In the event of a dispute, the appeals would be examined not by the Congregation for the Doctrine of the Faith but by the Congregation for Divine Worship, whose new prefect, Bishop Roche, is “known as a resolute opponent of the traditional mass and an opponent of the Motu Proprio Summorum Pontificum,” as Yves Daoudal wrote on his blog on May 28.

We can only reaffirm what FSSPX.News published on June 3, 2021, such a restriction on the Motu Proprio of Benedict XVI, would be perfectly “abusive,” and since it would be directed against the common good of the Church, it would be “null in itself.” Although the Society of Saint Pius X may not feel concerned, “it would deeply regret such a limitation, because it would be a step back on the way back to Tradition which would delay the solution of the crisis of the Church.”

Beyond rumors and speculations about its date and content, the revamped Motu Proprio poses a major question: that of authority in the Church, starting with that of the Pope himself. This is rightly pointed out by a Salesian religious, Don Marco Begato, which the Vaticanist Aldo Maria Valli took up on his website on June 19.

His argument is as follows: "a decision against Summorum Pontificum - especially if it is made while Benedict XVI is still alive - would be a low blow to the liturgy, but above all it would be a traumatic blow to authority.”

Here is his very relevant development: “The question I ask myself is what value should be given to  a document that, within a few decades, was be turned and turned like a sock. Very little, I would say.”

“But the value of the document, in our case, also speaks of the value of its author, and since a motu proprio is an eminent and autonomous intervention of the sovereign pontiff, it speaks of the value of pontifical declarations and their relationship with the episcopate (for example, with the disposition of an episcopate to obey a motu proprio).”

"And therefore, in the face of a devaluation of a motu proprio, would there not be a risk of taking some credit away from the Pope's interventions as such? Wouldn’t there be the risk of giving the impression that the pope’s direct interventions are very dubious, valid for a few decades at most, and good to be thrown out?” 

"It is in this sense that touching Summorum Pontificum would, in my view, mean touching the very credibility of the Sovereign Pontiff and the hierarchy, and touching their authority. And this I say not to express a personal psychological feeling of betrayed trust, but to put in evidence a radical and objective state of confusion that the Anti-Summorum Motu Proprio would ipso facto attribute to the highest offices.”

"The reasoning is as simple as it is disarming: if the leaders are not clear on what they want to do and why, if they act according to changing curial balances or social fashions, and not according to defined and stable theological presuppositions, why should we obey them?”

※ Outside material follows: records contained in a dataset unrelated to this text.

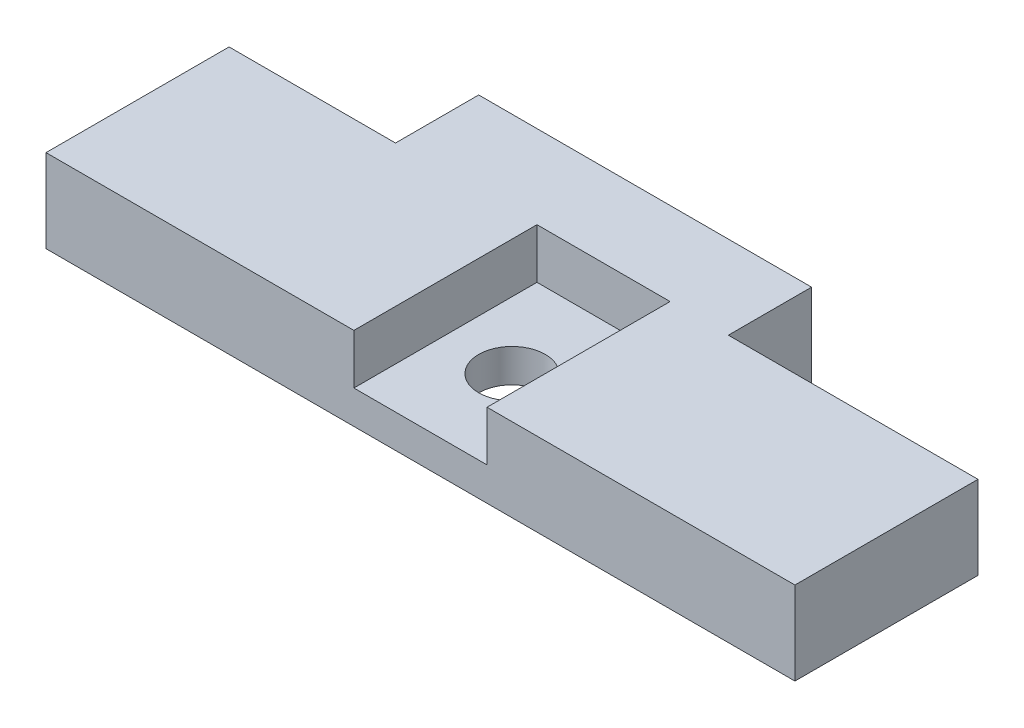
ISO-10303-21;
HEADER;
FILE_DESCRIPTION(('STEP AP214'),'2;1');
FILE_NAME('part.step','',(''),(''),'','','');
FILE_SCHEMA(('AUTOMOTIVE_DESIGN { 1 0 10303 214 1 1 1 1 }'));
ENDSEC;
DATA;
#1=APPLICATION_CONTEXT('core data for automotive mechanical design processes');
#2=APPLICATION_PROTOCOL_DEFINITION('international standard','automotive_design',2000,#1);
#3=PRODUCT_CONTEXT('',#1,'mechanical');
#4=PRODUCT('Part','Part','',(#3));
#5=PRODUCT_RELATED_PRODUCT_CATEGORY('part','',(#4));
#6=PRODUCT_DEFINITION_FORMATION('','',#4);
#7=PRODUCT_DEFINITION_CONTEXT('part definition',#1,'design');
#8=PRODUCT_DEFINITION('design','',#6,#7);
#9=PRODUCT_DEFINITION_SHAPE('','',#8);
#10=(LENGTH_UNIT() NAMED_UNIT(*) SI_UNIT(.MILLI.,.METRE.));
#11=(NAMED_UNIT(*) PLANE_ANGLE_UNIT() SI_UNIT($,.RADIAN.));
#12=(NAMED_UNIT(*) SI_UNIT($,.STERADIAN.) SOLID_ANGLE_UNIT());
#13=UNCERTAINTY_MEASURE_WITH_UNIT(LENGTH_MEASURE(1.E-05),#10,'distance_accuracy_value','');
#14=(GEOMETRIC_REPRESENTATION_CONTEXT(3) GLOBAL_UNCERTAINTY_ASSIGNED_CONTEXT((#13)) GLOBAL_UNIT_ASSIGNED_CONTEXT((#10,
#11,#12)) REPRESENTATION_CONTEXT('',''));
#15=CARTESIAN_POINT('',(0.,0.,0.));
#16=DIRECTION('',(0.,0.,1.));
#17=DIRECTION('',(1.,0.,0.));
#18=AXIS2_PLACEMENT_3D('',#15,#16,#17);
#19=CARTESIAN_POINT('',(22.5,5.,-3.));
#20=DIRECTION('',(-1.,0.,0.));
#21=DIRECTION('',(0.,0.,1.));
#22=AXIS2_PLACEMENT_3D('',#19,#20,#21);
#23=PLANE('',#22);
#24=DIRECTION('',(0.,0.,-1.));
#25=VECTOR('',#24,1.);
#26=CARTESIAN_POINT('',(22.5,0.,-3.));
#27=LINE('',#26,#25);
#28=CARTESIAN_POINT('',(22.5,0.,8.));
#29=VERTEX_POINT('',#28);
#30=CARTESIAN_POINT('',(22.5,0.,-3.));
#31=VERTEX_POINT('',#30);
#32=EDGE_CURVE('E144',#29,#31,#27,.T.);
#33=ORIENTED_EDGE('',*,*,#32,.T.);
#34=DIRECTION('',(0.,-1.,0.));
#35=VECTOR('',#34,1.);
#36=CARTESIAN_POINT('',(22.5,5.,-3.));
#37=LINE('',#36,#35);
#38=CARTESIAN_POINT('',(22.5,5.,-3.));
#39=VERTEX_POINT('',#38);
#40=EDGE_CURVE('E11',#39,#31,#37,.T.);
#41=ORIENTED_EDGE('',*,*,#40,.F.);
#42=DIRECTION('',(0.,0.,-1.));
#43=VECTOR('',#42,1.);
#44=CARTESIAN_POINT('',(22.5,5.,-3.));
#45=LINE('',#44,#43);
#46=CARTESIAN_POINT('',(22.5,5.,8.));
#47=VERTEX_POINT('',#46);
#48=EDGE_CURVE('E160',#47,#39,#45,.T.);
#49=ORIENTED_EDGE('',*,*,#48,.F.);
#50=DIRECTION('',(0.,-1.,0.));
#51=VECTOR('',#50,1.);
#52=CARTESIAN_POINT('',(22.5,5.,8.));
#53=LINE('',#52,#51);
#54=EDGE_CURVE('E143',#47,#29,#53,.T.);
#55=ORIENTED_EDGE('',*,*,#54,.T.);
#56=EDGE_LOOP('',(#33,#41,#49,#55));
#57=FACE_BOUND('',#56,.T.);
#58=ADVANCED_FACE('F33',(#57),#23,.F.);
#59=CARTESIAN_POINT('',(7.49999999999999,5.,-3.));
#60=DIRECTION('',(0.,0.,1.));
#61=DIRECTION('',(1.,0.,0.));
#62=AXIS2_PLACEMENT_3D('',#59,#60,#61);
#63=PLANE('',#62);
#64=DIRECTION('',(-1.,0.,0.));
#65=VECTOR('',#64,1.);
#66=CARTESIAN_POINT('',(7.49999999999999,0.,-3.));
#67=LINE('',#66,#65);
#68=CARTESIAN_POINT('',(7.49999999999999,0.,-3.));
#69=VERTEX_POINT('',#68);
#70=EDGE_CURVE('E147',#31,#69,#67,.T.);
#71=ORIENTED_EDGE('',*,*,#70,.T.);
#72=DIRECTION('',(0.,-1.,0.));
#73=VECTOR('',#72,1.);
#74=CARTESIAN_POINT('',(7.49999999999999,5.,-3.));
#75=LINE('',#74,#73);
#76=CARTESIAN_POINT('',(7.49999999999999,5.,-3.));
#77=VERTEX_POINT('',#76);
#78=EDGE_CURVE('E40',#77,#69,#75,.T.);
#79=ORIENTED_EDGE('',*,*,#78,.F.);
#80=DIRECTION('',(-1.,0.,0.));
#81=VECTOR('',#80,1.);
#82=CARTESIAN_POINT('',(7.49999999999999,5.,-3.));
#83=LINE('',#82,#81);
#84=EDGE_CURVE('E97',#39,#77,#83,.T.);
#85=ORIENTED_EDGE('',*,*,#84,.F.);
#86=ORIENTED_EDGE('',*,*,#40,.T.);
#87=EDGE_LOOP('',(#71,#79,#85,#86));
#88=FACE_BOUND('',#87,.T.);
#89=ADVANCED_FACE('F266',(#88),#63,.F.);
#90=CARTESIAN_POINT('',(7.49999999999999,5.,-8.));
#91=DIRECTION('',(-1.,0.,0.));
#92=DIRECTION('',(0.,0.,1.));
#93=AXIS2_PLACEMENT_3D('',#90,#91,#92);
#94=PLANE('',#93);
#95=DIRECTION('',(0.,0.,-1.));
#96=VECTOR('',#95,1.);
#97=CARTESIAN_POINT('',(7.49999999999999,0.,-8.));
#98=LINE('',#97,#96);
#99=CARTESIAN_POINT('',(7.49999999999999,0.,-8.));
#100=VERTEX_POINT('',#99);
#101=EDGE_CURVE('E150',#69,#100,#98,.T.);
#102=ORIENTED_EDGE('',*,*,#101,.T.);
#103=DIRECTION('',(0.,-1.,0.));
#104=VECTOR('',#103,1.);
#105=CARTESIAN_POINT('',(7.49999999999999,5.,-8.));
#106=LINE('',#105,#104);
#107=CARTESIAN_POINT('',(7.49999999999999,5.,-8.));
#108=VERTEX_POINT('',#107);
#109=EDGE_CURVE('E167',#108,#100,#106,.T.);
#110=ORIENTED_EDGE('',*,*,#109,.F.);
#111=DIRECTION('',(0.,0.,-1.));
#112=VECTOR('',#111,1.);
#113=CARTESIAN_POINT('',(7.49999999999999,5.,-8.));
#114=LINE('',#113,#112);
#115=EDGE_CURVE('E175',#77,#108,#114,.T.);
#116=ORIENTED_EDGE('',*,*,#115,.F.);
#117=ORIENTED_EDGE('',*,*,#78,.T.);
#118=EDGE_LOOP('',(#102,#110,#116,#117));
#119=FACE_BOUND('',#118,.T.);
#120=ADVANCED_FACE('F173',(#119),#94,.F.);
#121=CARTESIAN_POINT('',(-12.5,5.,-8.));
#122=DIRECTION('',(0.,0.,1.));
#123=DIRECTION('',(1.,0.,0.));
#124=AXIS2_PLACEMENT_3D('',#121,#122,#123);
#125=PLANE('',#124);
#126=DIRECTION('',(-1.,0.,0.));
#127=VECTOR('',#126,1.);
#128=CARTESIAN_POINT('',(-12.5,0.,-8.));
#129=LINE('',#128,#127);
#130=CARTESIAN_POINT('',(-12.5,0.,-8.));
#131=VERTEX_POINT('',#130);
#132=EDGE_CURVE('E152',#100,#131,#129,.T.);
#133=ORIENTED_EDGE('',*,*,#132,.T.);
#134=DIRECTION('',(0.,-1.,0.));
#135=VECTOR('',#134,1.);
#136=CARTESIAN_POINT('',(-12.5,5.,-8.));
#137=LINE('',#136,#135);
#138=CARTESIAN_POINT('',(-12.5,5.,-8.));
#139=VERTEX_POINT('',#138);
#140=EDGE_CURVE('E164',#139,#131,#137,.T.);
#141=ORIENTED_EDGE('',*,*,#140,.F.);
#142=DIRECTION('',(-1.,0.,0.));
#143=VECTOR('',#142,1.);
#144=CARTESIAN_POINT('',(-12.5,5.,-8.));
#145=LINE('',#144,#143);
#146=EDGE_CURVE('E187',#108,#139,#145,.T.);
#147=ORIENTED_EDGE('',*,*,#146,.F.);
#148=ORIENTED_EDGE('',*,*,#109,.T.);
#149=EDGE_LOOP('',(#133,#141,#147,#148));
#150=FACE_BOUND('',#149,.T.);
#151=ADVANCED_FACE('F183',(#150),#125,.F.);
#152=CARTESIAN_POINT('',(-12.5,5.,-8.));
#153=DIRECTION('',(1.,0.,0.));
#154=DIRECTION('',(0.,0.,-1.));
#155=AXIS2_PLACEMENT_3D('',#152,#153,#154);
#156=PLANE('',#155);
#157=DIRECTION('',(0.,0.,1.));
#158=VECTOR('',#157,1.);
#159=CARTESIAN_POINT('',(-12.5,0.,-8.));
#160=LINE('',#159,#158);
#161=CARTESIAN_POINT('',(-12.5,0.,-3.));
#162=VERTEX_POINT('',#161);
#163=EDGE_CURVE('E154',#131,#162,#160,.T.);
#164=ORIENTED_EDGE('',*,*,#163,.T.);
#165=DIRECTION('',(0.,-1.,0.));
#166=VECTOR('',#165,1.);
#167=CARTESIAN_POINT('',(-12.5,5.,-3.));
#168=LINE('',#167,#166);
#169=CARTESIAN_POINT('',(-12.5,5.,-3.));
#170=VERTEX_POINT('',#169);
#171=EDGE_CURVE('E133',#170,#162,#168,.T.);
#172=ORIENTED_EDGE('',*,*,#171,.F.);
#173=DIRECTION('',(0.,0.,1.));
#174=VECTOR('',#173,1.);
#175=CARTESIAN_POINT('',(-12.5,5.,-8.));
#176=LINE('',#175,#174);
#177=EDGE_CURVE('E121',#139,#170,#176,.T.);
#178=ORIENTED_EDGE('',*,*,#177,.F.);
#179=ORIENTED_EDGE('',*,*,#140,.T.);
#180=EDGE_LOOP('',(#164,#172,#178,#179));
#181=FACE_BOUND('',#180,.T.);
#182=ADVANCED_FACE('F186',(#181),#156,.F.);
#183=CARTESIAN_POINT('',(-12.5,5.,-3.));
#184=DIRECTION('',(0.,0.,1.));
#185=DIRECTION('',(1.,0.,0.));
#186=AXIS2_PLACEMENT_3D('',#183,#184,#185);
#187=PLANE('',#186);
#188=DIRECTION('',(-1.,0.,0.));
#189=VECTOR('',#188,1.);
#190=CARTESIAN_POINT('',(-12.5,0.,-3.));
#191=LINE('',#190,#189);
#192=CARTESIAN_POINT('',(-22.5,0.,-3.));
#193=VERTEX_POINT('',#192);
#194=EDGE_CURVE('E130',#162,#193,#191,.T.);
#195=ORIENTED_EDGE('',*,*,#194,.T.);
#196=DIRECTION('',(0.,-1.,0.));
#197=VECTOR('',#196,1.);
#198=CARTESIAN_POINT('',(-22.5,5.,-3.));
#199=LINE('',#198,#197);
#200=CARTESIAN_POINT('',(-22.5,5.,-3.));
#201=VERTEX_POINT('',#200);
#202=EDGE_CURVE('E127',#201,#193,#199,.T.);
#203=ORIENTED_EDGE('',*,*,#202,.F.);
#204=DIRECTION('',(-1.,0.,0.));
#205=VECTOR('',#204,1.);
#206=CARTESIAN_POINT('',(-12.5,5.,-3.));
#207=LINE('',#206,#205);
#208=EDGE_CURVE('E113',#170,#201,#207,.T.);
#209=ORIENTED_EDGE('',*,*,#208,.F.);
#210=ORIENTED_EDGE('',*,*,#171,.T.);
#211=EDGE_LOOP('',(#195,#203,#209,#210));
#212=FACE_BOUND('',#211,.T.);
#213=ADVANCED_FACE('F128',(#212),#187,.F.);
#214=CARTESIAN_POINT('',(-22.5,5.,-3.));
#215=DIRECTION('',(1.,0.,0.));
#216=DIRECTION('',(0.,0.,-1.));
#217=AXIS2_PLACEMENT_3D('',#214,#215,#216);
#218=PLANE('',#217);
#219=DIRECTION('',(0.,0.,1.));
#220=VECTOR('',#219,1.);
#221=CARTESIAN_POINT('',(-22.5,0.,-3.));
#222=LINE('',#221,#220);
#223=CARTESIAN_POINT('',(-22.5,0.,8.));
#224=VERTEX_POINT('',#223);
#225=EDGE_CURVE('E157',#193,#224,#222,.T.);
#226=ORIENTED_EDGE('',*,*,#225,.T.);
#227=DIRECTION('',(0.,-1.,0.));
#228=VECTOR('',#227,1.);
#229=CARTESIAN_POINT('',(-22.5,5.,8.));
#230=LINE('',#229,#228);
#231=CARTESIAN_POINT('',(-22.5,5.,8.));
#232=VERTEX_POINT('',#231);
#233=EDGE_CURVE('E134',#232,#224,#230,.T.);
#234=ORIENTED_EDGE('',*,*,#233,.F.);
#235=DIRECTION('',(0.,0.,1.));
#236=VECTOR('',#235,1.);
#237=CARTESIAN_POINT('',(-22.5,5.,-3.));
#238=LINE('',#237,#236);
#239=EDGE_CURVE('E118',#201,#232,#238,.T.);
#240=ORIENTED_EDGE('',*,*,#239,.F.);
#241=ORIENTED_EDGE('',*,*,#202,.T.);
#242=EDGE_LOOP('',(#226,#234,#240,#241));
#243=FACE_BOUND('',#242,.T.);
#244=ADVANCED_FACE('F136',(#243),#218,.F.);
#245=CARTESIAN_POINT('',(-22.5,5.,8.));
#246=DIRECTION('',(0.,0.,-1.));
#247=DIRECTION('',(-1.,0.,0.));
#248=AXIS2_PLACEMENT_3D('',#245,#246,#247);
#249=PLANE('',#248);
#250=DIRECTION('',(1.,0.,0.));
#251=VECTOR('',#250,1.);
#252=CARTESIAN_POINT('',(-22.5,5.,8.));
#253=LINE('',#252,#251);
#254=CARTESIAN_POINT('',(3.99999999999999,5.,8.));
#255=VERTEX_POINT('',#254);
#256=EDGE_CURVE('E55',#255,#47,#253,.T.);
#257=ORIENTED_EDGE('',*,*,#256,.F.);
#258=DIRECTION('',(0.,1.,0.));
#259=VECTOR('',#258,1.);
#260=CARTESIAN_POINT('',(3.99999999999999,2.,8.));
#261=LINE('',#260,#259);
#262=CARTESIAN_POINT('',(3.99999999999999,2.,8.));
#263=VERTEX_POINT('',#262);
#264=EDGE_CURVE('E148',#263,#255,#261,.T.);
#265=ORIENTED_EDGE('',*,*,#264,.F.);
#266=DIRECTION('',(1.,0.,0.));
#267=VECTOR('',#266,1.);
#268=CARTESIAN_POINT('',(3.99999999999999,2.,8.));
#269=LINE('',#268,#267);
#270=CARTESIAN_POINT('',(-3.99999999999999,2.,8.));
#271=VERTEX_POINT('',#270);
#272=EDGE_CURVE('E196',#271,#263,#269,.T.);
#273=ORIENTED_EDGE('',*,*,#272,.F.);
#274=DIRECTION('',(0.,1.,0.));
#275=VECTOR('',#274,1.);
#276=CARTESIAN_POINT('',(-3.99999999999999,2.,8.));
#277=LINE('',#276,#275);
#278=CARTESIAN_POINT('',(-3.99999999999999,5.,8.));
#279=VERTEX_POINT('',#278);
#280=EDGE_CURVE('E199',#271,#279,#277,.T.);
#281=ORIENTED_EDGE('',*,*,#280,.T.);
#282=EDGE_CURVE('E139',#232,#279,#253,.T.);
#283=ORIENTED_EDGE('',*,*,#282,.F.);
#284=ORIENTED_EDGE('',*,*,#233,.T.);
#285=DIRECTION('',(1.,0.,0.));
#286=VECTOR('',#285,1.);
#287=CARTESIAN_POINT('',(-22.5,0.,8.));
#288=LINE('',#287,#286);
#289=EDGE_CURVE('E89',#224,#29,#288,.T.);
#290=ORIENTED_EDGE('',*,*,#289,.T.);
#291=ORIENTED_EDGE('',*,*,#54,.F.);
#292=EDGE_LOOP('',(#257,#265,#273,#281,#283,#284,#290,#291));
#293=FACE_BOUND('',#292,.T.);
#294=ADVANCED_FACE('F262',(#293),#249,.F.);
#295=CARTESIAN_POINT('',(0.,5.,0.));
#296=DIRECTION('',(0.,1.,0.));
#297=DIRECTION('',(0.,0.,1.));
#298=AXIS2_PLACEMENT_3D('',#295,#296,#297);
#299=PLANE('',#298);
#300=DIRECTION('',(0.,0.,-1.));
#301=VECTOR('',#300,1.);
#302=CARTESIAN_POINT('',(3.99999999999999,5.,8.));
#303=LINE('',#302,#301);
#304=CARTESIAN_POINT('',(4.,5.,-3.));
#305=VERTEX_POINT('',#304);
#306=EDGE_CURVE('E47',#255,#305,#303,.T.);
#307=ORIENTED_EDGE('',*,*,#306,.F.);
#308=ORIENTED_EDGE('',*,*,#256,.T.);
#309=ORIENTED_EDGE('',*,*,#48,.T.);
#310=ORIENTED_EDGE('',*,*,#84,.T.);
#311=ORIENTED_EDGE('',*,*,#115,.T.);
#312=ORIENTED_EDGE('',*,*,#146,.T.);
#313=ORIENTED_EDGE('',*,*,#177,.T.);
#314=ORIENTED_EDGE('',*,*,#208,.T.);
#315=ORIENTED_EDGE('',*,*,#239,.T.);
#316=ORIENTED_EDGE('',*,*,#282,.T.);
#317=DIRECTION('',(0.,0.,1.));
#318=VECTOR('',#317,1.);
#319=CARTESIAN_POINT('',(-3.99999999999999,5.,8.));
#320=LINE('',#319,#318);
#321=CARTESIAN_POINT('',(-4.,5.,-3.));
#322=VERTEX_POINT('',#321);
#323=EDGE_CURVE('E203',#322,#279,#320,.T.);
#324=ORIENTED_EDGE('',*,*,#323,.F.);
#325=DIRECTION('',(-1.,0.,0.));
#326=VECTOR('',#325,1.);
#327=CARTESIAN_POINT('',(4.,5.,-3.));
#328=LINE('',#327,#326);
#329=EDGE_CURVE('E207',#305,#322,#328,.T.);
#330=ORIENTED_EDGE('',*,*,#329,.F.);
#331=EDGE_LOOP('',(#307,#308,#309,#310,#311,#312,#313,#314,#315,#316,#324,#330));
#332=FACE_BOUND('',#331,.T.);
#333=ADVANCED_FACE('F115',(#332),#299,.T.);
#334=CARTESIAN_POINT('',(0.,0.,0.));
#335=DIRECTION('',(0.,1.,0.));
#336=DIRECTION('',(0.,0.,1.));
#337=AXIS2_PLACEMENT_3D('',#334,#335,#336);
#338=PLANE('',#337);
#339=CARTESIAN_POINT('',(0.,0.,2.5));
#340=DIRECTION('',(0.,1.,0.));
#341=DIRECTION('',(0.,0.,1.));
#342=AXIS2_PLACEMENT_3D('',#339,#340,#341);
#343=CIRCLE('',#342,2.);
#344=CARTESIAN_POINT('',(0.,0.,4.5));
#345=VERTEX_POINT('',#344);
#346=EDGE_CURVE('E211',#345,#345,#343,.T.);
#347=ORIENTED_EDGE('',*,*,#346,.T.);
#348=EDGE_LOOP('',(#347));
#349=FACE_BOUND('',#348,.T.);
#350=ORIENTED_EDGE('',*,*,#32,.F.);
#351=ORIENTED_EDGE('',*,*,#289,.F.);
#352=ORIENTED_EDGE('',*,*,#225,.F.);
#353=ORIENTED_EDGE('',*,*,#194,.F.);
#354=ORIENTED_EDGE('',*,*,#163,.F.);
#355=ORIENTED_EDGE('',*,*,#132,.F.);
#356=ORIENTED_EDGE('',*,*,#101,.F.);
#357=ORIENTED_EDGE('',*,*,#70,.F.);
#358=EDGE_LOOP('',(#350,#351,#352,#353,#354,#355,#356,#357));
#359=FACE_BOUND('',#358,.T.);
#360=ADVANCED_FACE('F179',(#349,#359),#338,.F.);
#361=CARTESIAN_POINT('',(3.99999999999999,2.,8.));
#362=DIRECTION('',(1.,0.,0.));
#363=DIRECTION('',(0.,0.,-1.));
#364=AXIS2_PLACEMENT_3D('',#361,#362,#363);
#365=PLANE('',#364);
#366=ORIENTED_EDGE('',*,*,#306,.T.);
#367=DIRECTION('',(0.,1.,0.));
#368=VECTOR('',#367,1.);
#369=CARTESIAN_POINT('',(4.,2.,-3.));
#370=LINE('',#369,#368);
#371=CARTESIAN_POINT('',(4.,2.,-3.));
#372=VERTEX_POINT('',#371);
#373=EDGE_CURVE('E193',#372,#305,#370,.T.);
#374=ORIENTED_EDGE('',*,*,#373,.F.);
#375=DIRECTION('',(0.,0.,-1.));
#376=VECTOR('',#375,1.);
#377=CARTESIAN_POINT('',(3.99999999999999,2.,8.));
#378=LINE('',#377,#376);
#379=EDGE_CURVE('E206',#263,#372,#378,.T.);
#380=ORIENTED_EDGE('',*,*,#379,.F.);
#381=ORIENTED_EDGE('',*,*,#264,.T.);
#382=EDGE_LOOP('',(#366,#374,#380,#381));
#383=FACE_BOUND('',#382,.T.);
#384=ADVANCED_FACE('F247',(#383),#365,.F.);
#385=CARTESIAN_POINT('',(-3.99999999999999,2.,8.));
#386=DIRECTION('',(-1.,0.,0.));
#387=DIRECTION('',(0.,0.,1.));
#388=AXIS2_PLACEMENT_3D('',#385,#386,#387);
#389=PLANE('',#388);
#390=ORIENTED_EDGE('',*,*,#323,.T.);
#391=ORIENTED_EDGE('',*,*,#280,.F.);
#392=DIRECTION('',(0.,0.,1.));
#393=VECTOR('',#392,1.);
#394=CARTESIAN_POINT('',(-3.99999999999999,2.,8.));
#395=LINE('',#394,#393);
#396=CARTESIAN_POINT('',(-4.,2.,-3.));
#397=VERTEX_POINT('',#396);
#398=EDGE_CURVE('E214',#397,#271,#395,.T.);
#399=ORIENTED_EDGE('',*,*,#398,.F.);
#400=DIRECTION('',(0.,1.,0.));
#401=VECTOR('',#400,1.);
#402=CARTESIAN_POINT('',(-4.,2.,-3.));
#403=LINE('',#402,#401);
#404=EDGE_CURVE('E195',#397,#322,#403,.T.);
#405=ORIENTED_EDGE('',*,*,#404,.T.);
#406=EDGE_LOOP('',(#390,#391,#399,#405));
#407=FACE_BOUND('',#406,.T.);
#408=ADVANCED_FACE('F258',(#407),#389,.F.);
#409=CARTESIAN_POINT('',(4.,2.,-3.));
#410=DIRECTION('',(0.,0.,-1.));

"I mean, on what basis should we obey them? Under what conditions? Better yet, what should we obey? The changeable writing? The intention leaked through the newspapers? The declarations of pastors on television? Pope 1 or Pope 2? The bishop who follows the letter or to the bishop of the spirit? Trendy or convenience? In the first or second five years?”

“I repeat, mine is not a psychological reaction, but a serious ethical difficulty. I am bound to obey those who certainly show me the will of God, but an ecclesial community that appears confused, that constantly changes its demands, that provides fewer and fewer theological explanations, that tends not to answer or to evade the doubts raised, which in the millennium of freedoms and in the post-conciliar Church finally free from legalisms, pushes [paradoxically] towards an uncompromising obedience, how can such a reality be said to be credible and reliable?”

In what should we believe and follow it? For how long ? With what criteria? How serious is it to be taken? To what extent can I interpret and reinterpret at will? Who determines this?”

And Don Begato concluded, with common sense: soon “giving credibility to the authorities will by definition be a gamble, a roulette wheel, a game ... less and less entertaining and more and more risky.”